Some of the leadership are approachable on the fringes of discussions in Qatar about the hostages, but hardly available for media questioning, not functional as a source on the military conflict.

Australian coverage

Australian media, as usual, have provided plenty of coverage, especially the ABC which invests in overseas correspondents. It does not detract from the work of any journalists to say the ABC coverage has benefitted from the practice of keeping resident correspondents in certain news theatres — certainly with Allyson Horn, the current Middle East correspondent.

The coverage by this journalist reflects a good ability to use the opportunity of a relatively free hand to build up good knowledge of the field. As Ms Horn attests on air, she has lived in Jerusalem for the last two years and travelled extensively, therefore knowing places now in the headline news, and so can inject an element of additional credibility, analysis and background which helps to explain what is happening.

The coverage is comprehensive, certainly for a single correspondent, handling both major breaking stories and other perspectives “on the ground” — what is happening to the people. As an individual journalist under scrutiny, she obtains additional credit here, for suppressing an earlier, syntax-defying delivery style that sounded like old-time “commercial” news; now using more conversational emphases, tracking the subject matter.

Social media

This appraisal has left out social media as it is generally not good for news as a source of actual knowledge. The unregulated crowd-sourcing means that contributors are overwhelmingly amateurs who can’t help putting their own slant on it, not to mention legions of trolls wanting to make up things for spite and entertainment.

Social media outlets are really good for those with strong opinions who want to exchange what they wish to hear. As for information, there is not much chance to share nuggets of crucial information via social media, as it will be washed out and wasted by the deluge of wrong information it has to compete with for attention.

However, for belief and values, social media has many valid possibilities.
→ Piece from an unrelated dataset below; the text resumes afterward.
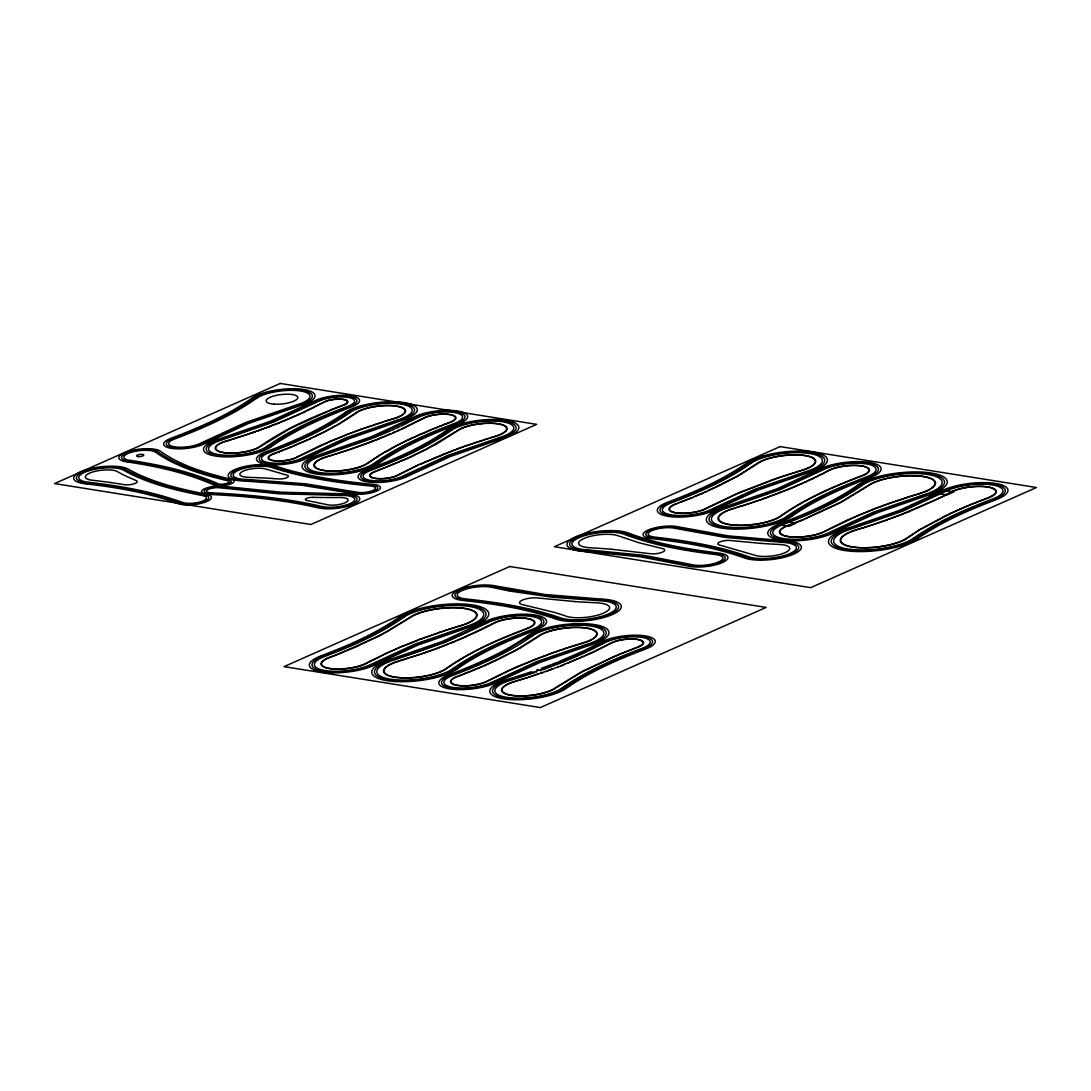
<?xml version="1.0" encoding="UTF-8"?>
<svg xmlns="http://www.w3.org/2000/svg" width="1091" height="1091" viewBox="0 0 1091 1091"><rect width="100%" height="100%" fill="white"/><g stroke="black" fill="none" stroke-linecap="round" stroke-linejoin="round"><path stroke-width="1.5" d="M345.574 420.062L356.552 412.739A25.679 7.596 -6.5 0 1 396.374 406.22A25.679 7.596 -6.5 0 1 393.483 418.644L384.891 421.276M918.772 530.499L907.48 537.999A35.621 10.528 -6.5 0 1 852.235 547.041A35.621 10.528 -6.5 0 1 856.23 529.817L864.467 527.485M345.138 420.335L337.324 424.972M918.908 530.09L950.07 513.806M380.786 454.401L367.326 463.239A28.025 8.292 -6.5 0 1 323.85 470.357A28.025 8.292 -6.5 0 1 327 456.802L331.296 455.493M381.482 454.292L386.337 451.129M383.991 452.492L367.803 463.252A28.571 8.455 -6.5 0 1 323.495 470.507A28.571 8.455 -6.5 0 1 326.7 456.693L338.346 453.297M384.768 452.342L396.497 445.592M738.784 475.199L757.386 463.348A30.93 9.151 -6.5 0 1 805.335 455.493A30.93 9.151 -6.5 0 1 801.871 470.453L797.016 471.735M387.141 450.978L397.179 445.237M738.634 475.594L707.623 490.895M335.987 425.435L332.1 427.604M332.046 427.917L325.363 431.177M826.392 471.571L828.355 470.535A22.693 6.71 -6.5 0 1 861.795 465.843A22.693 6.71 -6.5 0 1 861.985 475.908C833.483 486.259 805.308 498.696 780.351 516.179A32.73 9.683 -6.5 0 1 729.593 524.485A32.73 9.683 -6.5 0 1 733.275 508.651L734.175 508.379M950.261 492.709L944.383 495.491M327.409 430.099L336.805 425.272L356.061 412.725A26.225 7.76 -6.5 0 1 396.729 406.07A26.225 7.76 -6.5 0 1 393.783 418.753L383.473 421.726M327.355 430.413L315.885 435.882M824.414 472.621L828.792 470.589A22.161 6.546 -6.5 0 1 846.998 465.857L847.898 465.775A22.161 6.546 -6.5 0 1 860.54 465.871L861.972 466.089A22.161 6.546 -6.5 0 1 868.913 470.235L868.9 470.439A22.161 6.546 -6.5 0 1 861.631 475.826L855.685 478.076M825.846 472.144L818.305 475.703M397.424 445.387L412.957 437.532M426.949 448.865L457.647 430.413A26.225 7.76 -6.5 0 1 498.301 423.758A26.225 7.76 -6.5 0 1 495.369 436.441L483.64 439.864M945.72 494.796L951.407 492.096A24.507 7.242 -6.5 0 1 987.532 487.036A24.507 7.242 -6.5 0 1 987.723 497.891M397.86 444.883L407.298 440.191M371.676 660.341L365.921 663.355A24.507 7.242 -6.5 0 1 329.809 668.428A24.507 7.242 -6.5 0 1 329.605 657.559L330.341 657.273M325.445 431.409L310.99 438.187M427.017 449.097L411.771 456.256M823.596 473.317L814.118 477.763M487.527 626.657L494.237 623.152A22.161 6.546 -6.5 0 1 508.542 618.938L509.361 618.815A22.161 6.546 -6.5 0 1 526.353 618.502L527.771 618.733A22.161 6.546 -6.5 0 1 534.031 621.652L534.167 621.897A22.161 6.546 -6.5 0 1 527.076 628.402L524.826 629.248M944.983 495.45L937.524 498.887M372.945 659.973L392.228 650.55M486.763 627.052L482.099 629.357M943.797 496.05L910.03 511.052M314.317 406.998L323.85 402.074A13.297 3.928 -6.5 0 1 343.433 399.32A13.297 3.928 -6.5 0 1 343.542 405.211L331.146 409.766M722.365 483.94L740.421 474.571L757.863 463.375A30.384 8.987 -6.5 0 1 804.981 455.656A30.384 8.987 -6.5 0 1 801.571 470.344L798.83 471.176M314.249 407.298L304.716 411.621M943.156 517.12L918.063 530.608L907.003 537.972A35.089 10.378 -6.5 0 1 852.589 546.891A35.089 10.378 -6.5 0 1 856.53 529.926M721.287 484.745L703.831 492.573M817.445 476.399L811.99 478.772M943.292 516.793L956.562 510.833M481.472 629.671L457.265 640.322M316.049 436.073L310.185 438.568M408.211 440.014L420.362 434.191M813.477 478.335L808.949 480.204M498.246 659.455L520.707 647.781L539.349 635.903A30.384 8.987 -6.5 0 1 586.467 628.184A30.384 8.987 -6.5 0 1 583.058 642.885L565.206 648.49M936.569 499.61L902.298 514.12M401.093 426.049L417.894 417.608A24.684 7.296 -6.5 0 1 454.279 412.507A24.684 7.296 -6.5 0 1 454.483 423.444C426.404 434.109 398.433 446.11 373.79 463.511A35.267 10.433 -6.5 0 1 319.104 472.458A35.267 10.433 -6.5 0 1 323.059 455.411L373.136 438.132M584.803 650.372L601.386 642.04A29.743 8.796 -6.5 0 1 645.231 635.889A29.743 8.796 -6.5 0 1 645.477 649.077C617.806 659.591 590.231 671.429 565.943 688.571A40.326 11.919 -6.5 0 1 503.401 698.813A40.326 11.919 -6.5 0 1 507.929 679.298L531.494 671.756M588.717 650.918L605.519 642.476A24.684 7.296 -6.5 0 1 641.903 637.362A24.684 7.296 -6.5 0 1 642.108 648.313C614.028 658.978 586.058 670.979 561.415 688.38A35.267 10.433 -6.5 0 1 506.729 697.326A35.267 10.433 -6.5 0 1 510.683 680.279L534.631 672.615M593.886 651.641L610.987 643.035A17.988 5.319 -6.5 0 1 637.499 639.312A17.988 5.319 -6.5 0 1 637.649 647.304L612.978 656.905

In the present Gaza war, it is fully understandable for people anywhere to be anguished by the agony of the civilian population under terrible bombardment; also to be anguished by the odious 7 October pogrom in Israel. It is a reform of the century, a great cultural change, that all sides can publicise their demonstrations and views through their own media channels, and marshal strong support among those who agree.

In that way, it is much easier for campaigners, better than depending on journalists as intermediaries. So much of the content is heart-felt and truthful — the cries of the families of the hostages; horror over the misery and terror in the bombed-out city. It can cut through the vibrating tones of hatred. Social media has its place but is so prone to be unconstructive it cannot be mistaken for actual news.

Amongst Dr Lee Duffield’s vast journalistic experience, he has served as ABC's European correspondent. He is also an esteemed academic and member of the editorial advisory board of Pacific Journalism Review.